# Lots of room for improvement



## Chocdog (Aug 31, 2014)

Wow.
I only paid $10 for a year's premium membership . I do not like the commercials, but that is the way most of the web based channels are. I did email them about why as a premium member we had to put up with the adds. Got no response. For $10/yr, I have found some useful videos, and some not so useful.


----------



## pjones46 (Mar 1, 2011)

Complaint Review: Woodworkers Guild of America

http://www.ripoffreport.com/r/Woodworkers-Guild-of-America/Minneapolis-Minnesota-55412/Woodworkers-Guild-of-America-WWGOA-CS-Continued-to-charge-after-cancellation-Minneapolis-869271

These people as well as a few others have dubious marketing practices and there are many complaints written about them and above is just one of many listed.

Word to the wise, stay away from them.


----------



## Wildwood (Jul 22, 2012)

Sounds like, "Woodworkers Guild of America," just like so many online sources geared toward advertising over substance. Thanks for your review but sadly today E-commerce cannot survive on subscriptions alone. After reading information at their web site would think dealing with a professional outfit and ensure better customer service. Apparently not!

If they hope to grow their business better listen to customer feedback and improve services provided.

This outfit has been discussed here before.
http://lumberjocks.com/topics/46821


----------



## Desert_Woodworker (Jan 28, 2015)

Isn't this the series host " George" the man Stumpy Nubs lampooned about having problems with his "stool"?


----------



## GVondriska (Jun 17, 2015)

George Vondriska, here. Managing Editor at WWGOA. I'm going to weigh in here. Be gentle with me. 

Thanks for the critique. If we can make things better, we want to know how to do so. You've prompted some action on our end.

I've checked with the web guy. We've recently done a site migration, and he admits that there's currently a lag in load time on the WWGOA pages. He's working on it. I'm no web developer, so don't have a great explanation for it, but it has do with the the site's code. Morse? Maybe. I'm not sure. But they're aware.

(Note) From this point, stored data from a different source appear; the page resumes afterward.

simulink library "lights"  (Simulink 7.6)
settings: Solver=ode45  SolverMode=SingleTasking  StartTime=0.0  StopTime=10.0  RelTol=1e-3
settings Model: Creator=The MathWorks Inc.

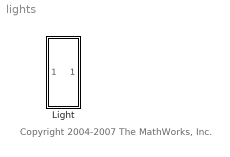
== system lights ==
  note: Copyright 2004-2007 The MathWorks, Inc.
  Light : Subsystem  mask(Light){state=Stop}
      mask help: Place this light block on a boolean signal and it will indicate the signal's value as green when it is true, and red when false. Non-boolean signals are treated as false if equal to zero, and true otherwise. Note that the input signal is passed straight through to the output of this block. For signals that are connected to trigger ports, an automatic delay of 50 ms is added when the trigger fires.
      mask init:
      | s = get_param(gcbh, 'position'); w = s(3)-s(1);h = s(4)-s(2);
      | r = min(w, h/2)/2;ang = 0:0.1:2*pi;
      | x1 = r*sin(ang)+w/2; y1 = r*cos(ang)+0.75*h;
      | x2 = r*sin(ang)+w/2; y2 = r*cos(ang)+0.25*h;
      | 
      | if strcmp(state,'Stop')
      |  c1 = [1 0 0]; c2 = [0 0 0];
      | else
      |  c1 = [0 0 0]; c2 = [0 1 0];
      | end
      mask StyleString: popup(Stop|Go)
      mask Display:
      | patch([0 w w 0],[h h 0 0],[0.7 0.7, 0.7])
      | patch(x1,y1,c1)
      | patch(x2,y2,c2)

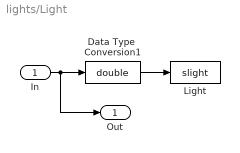
== system lights/Light ==
  In : Inport
  Data Type  Conversion1 : DataTypeConversion  OutDataTypeStr=double  SaturateOnIntegerOverflow=on  RndMeth=Zero
  Light : S-Function  FunctionName=slight  EnableBusSupport=off
  Out : Outport
  wires:
  Data Type  Conversion1/1 -> Light/1
  In/1 -> Data Type  Conversion1/1, Out/1

Billing. If you opt out of Premium membership, that should be the end of the road. The folks involved with this side of things are looking into what happened in this case. Sorry about the $5 overcharge. It shouldn't happen. $5 or $50, it shouldn't happen.

Sponsored videos: Our form of advertising, in addition to standard web site banner ads, is sponsored videos. My goal with these is to provide a technique or some kind of tool education, while using the sponsor's tool. During a sponsored clip it will always say "Tool X provided by mfr Z." In addition to the sponsored clips, which are on the free part of the site, there are a bunch of non-sponsored free clips that also offer techniques and/or buying advice. We have about 500 of 4-6 minute clips on WWGOA (in addition to stuff ranging from 60-120 min), of which about 200 are free, of which about 35 were sponsored by a mfr.

Deleted comments: We don't delete comments we don't like. But, see site migration above. We've migrated content a few times in recent years, moving to better and better platforms. I've noticed that some stories, aspects of stories, comments…don't make the move. Nothing malicious about it. It's computer stuff. (That's my technical explanation.) Not quite seamless. We'll notice that content is missing, but wouldn't have a way to note that a comment didn't make the move.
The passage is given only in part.